# [WHAT TO DO]
Drop the pictures and repeat the remaining data exactly.

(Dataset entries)

Segment Open

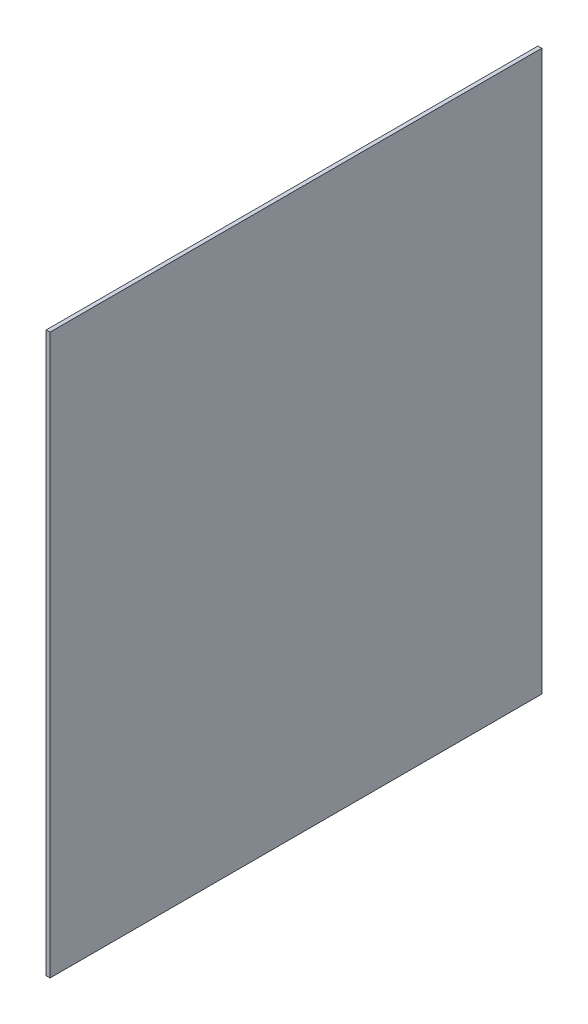
from build123d import *

# Parameters (mm, degrees)
SKETCH1_W           = 203.2
SKETCH1_H           = 231.14
BOSS_EXTRUDE1_DEPTH = 1.5875


with BuildPart() as part:
    # Sketch1 → Boss-Extrude1 (new body)
    with BuildSketch(Plane(origin=(0, 0, 0), x_dir=(0, 0, -1), z_dir=(1, 0, 0))):
        with Locations((101.6, 115.57)):
            Rectangle(SKETCH1_W, SKETCH1_H)
    extrude(amount=BOSS_EXTRUDE1_DEPTH)


solid = part.part

Segment Closed

# [SOLUTION TO THE PROBLEM]
from build123d import *

# Parameters (mm, degrees)
SKETCH1_W           = 203.2
SKETCH1_H           = 231.14
BOSS_EXTRUDE1_DEPTH = 1.5875


with BuildPart() as part:
    # Sketch1 → Boss-Extrude1 (new body)
    with BuildSketch(Plane(origin=(0, 0, 0), x_dir=(0, 0, -1), z_dir=(1, 0, 0))):
        with Locations((101.6, 115.57)):
            Rectangle(SKETCH1_W, SKETCH1_H)
    extrude(amount=BOSS_EXTRUDE1_DEPTH)


solid = part.part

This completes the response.